Need not stand when Anthem played in film, says Supreme Court

Need not stand when Anthem  played in film, says Supreme Court

The Supreme Court on Tuesday clarified that the audience in a cinema hall need not stand up when the National Anthem is played as part of the storyline during the screening of a feature film.

A bench presided over by Justice Dipak Misra passed its order after senior advocate Sidharth Luthra, appearing as amicus curiae, gave suggestions to it, as Attorney General Mukul Rohatgi agreed to them.

The court had on November 30 directed all cinema halls in the country to play the National Anthem before the feature film begins.

This order also made it mandatory for all those present in the hall “to stand up to show respect to the national anthem” as part of their “sacred obligation”.

On Tuesday, the court clarified that the previous order was an interim order and not a final judgement.

 “It is an interim order subject to debate. Besides, there is a misconception that there is a compulsion to sing.
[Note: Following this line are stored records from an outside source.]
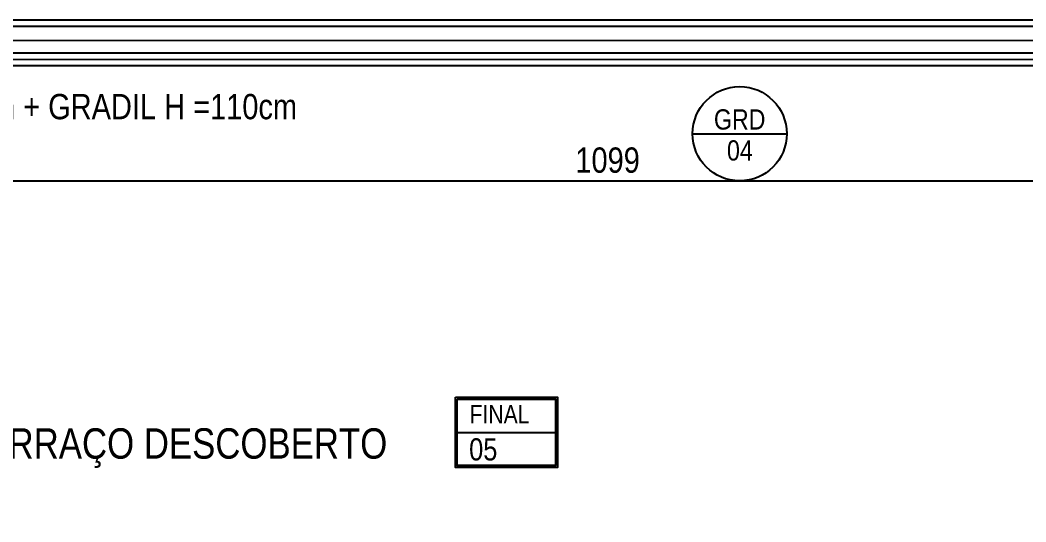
# Model space of a CAD drawing. Header units: metres. Extents: x -40 to 570, y -25 to 184.
# Drawn here: x 113.433 to 117.408, y 0.771 to 2.755 of the extents above; entities that cross this region are included whole.
import ezdxf
from ezdxf.enums import TextEntityAlignment as Align

# ---------------------------------------------------------------- set-up
doc = ezdxf.new("R2010")
doc.units = ezdxf.units.M
for name, color, linetype in [('ARQ-DIM', 2, 'Continuous'), ('ARQ-SIM', 1, 'Continuous'), ('ARQ-TXT', 2, 'Continuous'), ('DUPLEX SUPERIOR$0$ARQ-ALV ACAB', 4, 'Continuous'), ('DUPLEX SUPERIOR$0$ARQ-AUX', 7, 'Continuous'), ('DUPLEX SUPERIOR$0$ARQ-AUX2', 2, 'Continuous'), ('DUPLEX SUPERIOR$0$ARQ-HID', 7, 'Continuous')]:
    doc.layers.add(name, color=color, linetype=linetype)
doc.styles.add('Adesa', font='ARIALN.TTF')
doc.styles.add('M50', font='ARIALN.TTF', dxfattribs={"height": 0.15})
doc.dimstyles.new('ADESA 1-0050', dxfattribs={"dimtxt": 0.1, "dimasz": 0.1, "dimexe": 0.05, "dimexo": 0.05, "dimgap": 0.03, "dimtad": 1, "dimdec": 1, "dimlfac": 100, "dimzin": 12, "dimtxsty": 'Adesa', "dimblk": 'DOTSMALL', "dimcen": 1, "dimdle": 0.05, "dimclrd": 1, "dimclre": 1, "dimclrt": 256, "dimazin": 3, "dimtm": 1e-09, "dimtfac": 1, "dimtdec": 1, "dimtmove": 1, "dimatfit": 0, "dimldrblk": 'DOTSMALL', "dimfxl": 0.8, "dimtvp": 2, "dimtolj": 1, "dimtzin": 0, "dimarcsym": 0})

# ---------------------------------------------------------------- blocks, each defined once
blk = doc.blocks.new('DUPLEX SUPERIOR$0$planta duplex inferior tipo 1')
at = {"layer": 'DUPLEX SUPERIOR$0$ARQ-ALV ACAB'}
blk.add_lwpolyline([(-0.025, 0.0699), (-0.025, 5.96), (11.0749, 5.9601)], dxfattribs=at)
at = {"layer": 'DUPLEX SUPERIOR$0$ARQ-ALV ACAB', "elevation": 0}
blk.add_lwpolyline([(11.095, 5.7801), (0.155, 5.78), (0.155, 0.1049)], dxfattribs=at)
at = {"layer": 'DUPLEX SUPERIOR$0$ARQ-AUX'}
blk.add_line((11.095, 5.805, 0), (0.13, 5.8049, 0), dxfattribs=at)
blk.add_lwpolyline([(0, 0.1049), (0, 5.935), (11.095, 5.9351)], dxfattribs=at)
at = {"layer": 'DUPLEX SUPERIOR$0$ARQ-AUX2'}
for points in [[(11.095, 5.8801), (0.055, 5.88), (0.055, 0.1049)], [(11.095, 5.8301), (0.105, 5.83), (0.105, 0.1049)]]:
    blk.add_lwpolyline(points, dxfattribs=at)
blk = doc.blocks.new('DUPLEX SUPERIOR')
at = {"layer": 'DUPLEX SUPERIOR$0$ARQ-HID', "xscale": -1}
blk.add_blockref('DUPLEX SUPERIOR$0$planta duplex inferior tipo 1', (21.38, -3.2049, 0), dxfattribs=at)
blk = doc.blocks.new('_DotSmall')
at = {"color": 0, "linetype": 'ByBlock', "const_width": 0.5}
blk.add_lwpolyline([(-0.0625, 0, 1), (0.0625, 0, 1)], format="xyb", close=True, dxfattribs=at)
blk = doc.blocks.new('*D538')
at = {"layer": 'ARQ-DIM', "color": 1, "lineweight": -2, "transparency": 16777216}
for p, q in [((110.26, 2.2375), (110.26, 2.0699)), ((121.25, 2.2375), (121.25, 2.0699)), ((110.21, 2.1199), (121.3, 2.1199))]:
    blk.add_line(p, q, dxfattribs=at)
at = {"layer": 'Defpoints', "color": 0, "transparency": 16777216}
for p in [(110.26, 2.2875, 0), (121.25, 2.2875), (121.25, 2.1199)]:
    blk.add_point(p, dxfattribs=at)
at = {"layer": 'ARQ-DIM', "color": 1, "lineweight": -2, "transparency": 16777216, "xscale": 0.1, "yscale": 0.1, "zscale": 0.1, "rotation": 180}
blk.add_blockref('_DotSmall', (110.26, 2.1199), dxfattribs=at)
at = {"layer": 'ARQ-DIM', "color": 1, "lineweight": -2, "transparency": 16777216, "xscale": 0.1, "yscale": 0.1, "zscale": 0.1}
blk.add_blockref('_DotSmall', (121.25, 2.1199), dxfattribs=at)
at = {"layer": 'ARQ-DIM', "transparency": 16777216, "insert": (115.755, 2.201), "char_height": 0.1, "attachment_point": 5, "style": 'Adesa'}
blk.add_mtext('\\A1;1099', dxfattribs=at)
blk = doc.blocks.new('N AP')
for points in [[(0.3098, 0.5223), (0.8624, 0.5223), (0.8624, 0.1419), (0.3098, 0.1419)], [(0.3198, 0.5123), (0.8524, 0.5123), (0.8524, 0.1519), (0.3198, 0.1519)]]:
    blk.add_lwpolyline(points, close=True)
for points in [[(0.3198, 0.3321), (0.8524, 0.3321)], [(0.3198, 0.1519), (0.8524, 0.1519)]]:
    blk.add_lwpolyline(points)
at = {"insert": (0.3864, 0.4801), "char_height": 0.1, "attachment_point": 1, "style": 'Adesa'}
blk.add_mtext_dynamic_manual_height_columns('FINAL', width=0.3501, gutter_width=50, heights=[0], dxfattribs=at)
at = {"style": 'Adesa'}
blk.add_attdef('00', text='', height=0.1, dxfattribs=at).set_placement((0.5673, 0.171), align=Align.CENTER)
blk = doc.blocks.new('TIPO COTA$0$Chamada_planta')
at = {"layer": 'ARQ-SIM'}
blk.add_line((-1.241, 0), (1.241, 0), dxfattribs=at)
blk.add_circle((0, 0), 1.241, dxfattribs=at)
at = {"layer": 'ARQ-SIM', "color": 2, "style": 'Adesa'}
for tag, p in [('NUMERO', (0, 0.234)), ('C.D.', (0, -0.272))]:
    blk.add_attdef(tag, text='', height=0.5, dxfattribs=at).set_placement(p, align=Align.MIDDLE_CENTER)

msp = doc.modelspace()

# ---------------------------------------------------------------- block references
at = {"layer": 'ARQ-DIM'}
msp.add_blockref('DUPLEX SUPERIOR', (100, 0), dxfattribs=at)
at = {"layer": 'ARQ-SIM'}
ref = msp.add_blockref('TIPO COTA$0$Chamada_planta', (116.2769, 2.306, 0), dxfattribs=dict(at, xscale=0.15, yscale=0.15, zscale=0.15))
ref.add_attrib('NUMERO', 'GRD', dxfattribs={"color": 2, "height": 0.08, "style": 'Adesa'}).set_placement((116.2769, 2.3624, 0), align=Align.MIDDLE_CENTER)
ref.add_attrib('C.D.', '04', dxfattribs={"color": 2, "height": 0.08, "style": 'Adesa'}).set_placement((116.2777, 2.2399, 0), align=Align.MIDDLE_CENTER)
ref = msp.add_blockref('N AP', (114.9273, 0.8829, 0), dxfattribs=dict(at, xscale=0.73, yscale=0.73, zscale=0.73))
ref.add_attrib('00', '05', dxfattribs={"layer": '0', "height": 0.0876, "style": 'Adesa'}).set_placement((115.2636, 1.0142, 0), align=Align.CENTER)

# ---------------------------------------------------------------- texts
at = {"layer": 'ARQ-TXT'}
for s, height, style, p in [('MURETA H=100cm + GRADIL H =110cm', 0.1, 'Adesa', (113.4663, 2.4132, -0.0226)), ('TERRAÇO DESCOBERTO', 0.12, 'M50', (114.0482, 1.0638, 0))]:
    msp.add_text(s, height=height, dxfattribs=dict(at, style=style)).set_placement(p, align=Align.MIDDLE)

# ---------------------------------------------------------------- dimensions: what is measured, and where the dimension line sits
at = {"layer": 'ARQ-DIM'}
dim = msp.add_linear_dim(base=(121.25, 2.1199), p1=(110.26, 2.2875, 0), p2=(121.25, 2.2875), angle=180, dimstyle='ADESA 1-0050', dxfattribs=at)
dim.commit()
dim.dimension.update_dxf_attribs({"geometry": '*D538', "text_midpoint": (115.755, 2.201)})

doc.saveas('drawing.dxf')

We have limited our order to standing up when the National Anthem is played,” said the judge.

‘No moral policing’

The bench also observed that “there should be no moral policing at all” by the general public in their endeavour to enforce the court order.

During the hearing, Rohatgi said that there should be a review of a 30-year-old judgment that permitted people belonging to the Jehovah’s Witnesses sect to not sing the Anthem as part of their right to profess religion.

He sought a stricter order by the apex court, saying a debate must also start as to why the mandatory singing of the National Anthem should be included in the school curriculum since “it is extremely important to instill a sense of nationalism from childhood”.

The court fixed the matter for consideration on April 18, also to discuss whether the issue should be referred to a larger bench.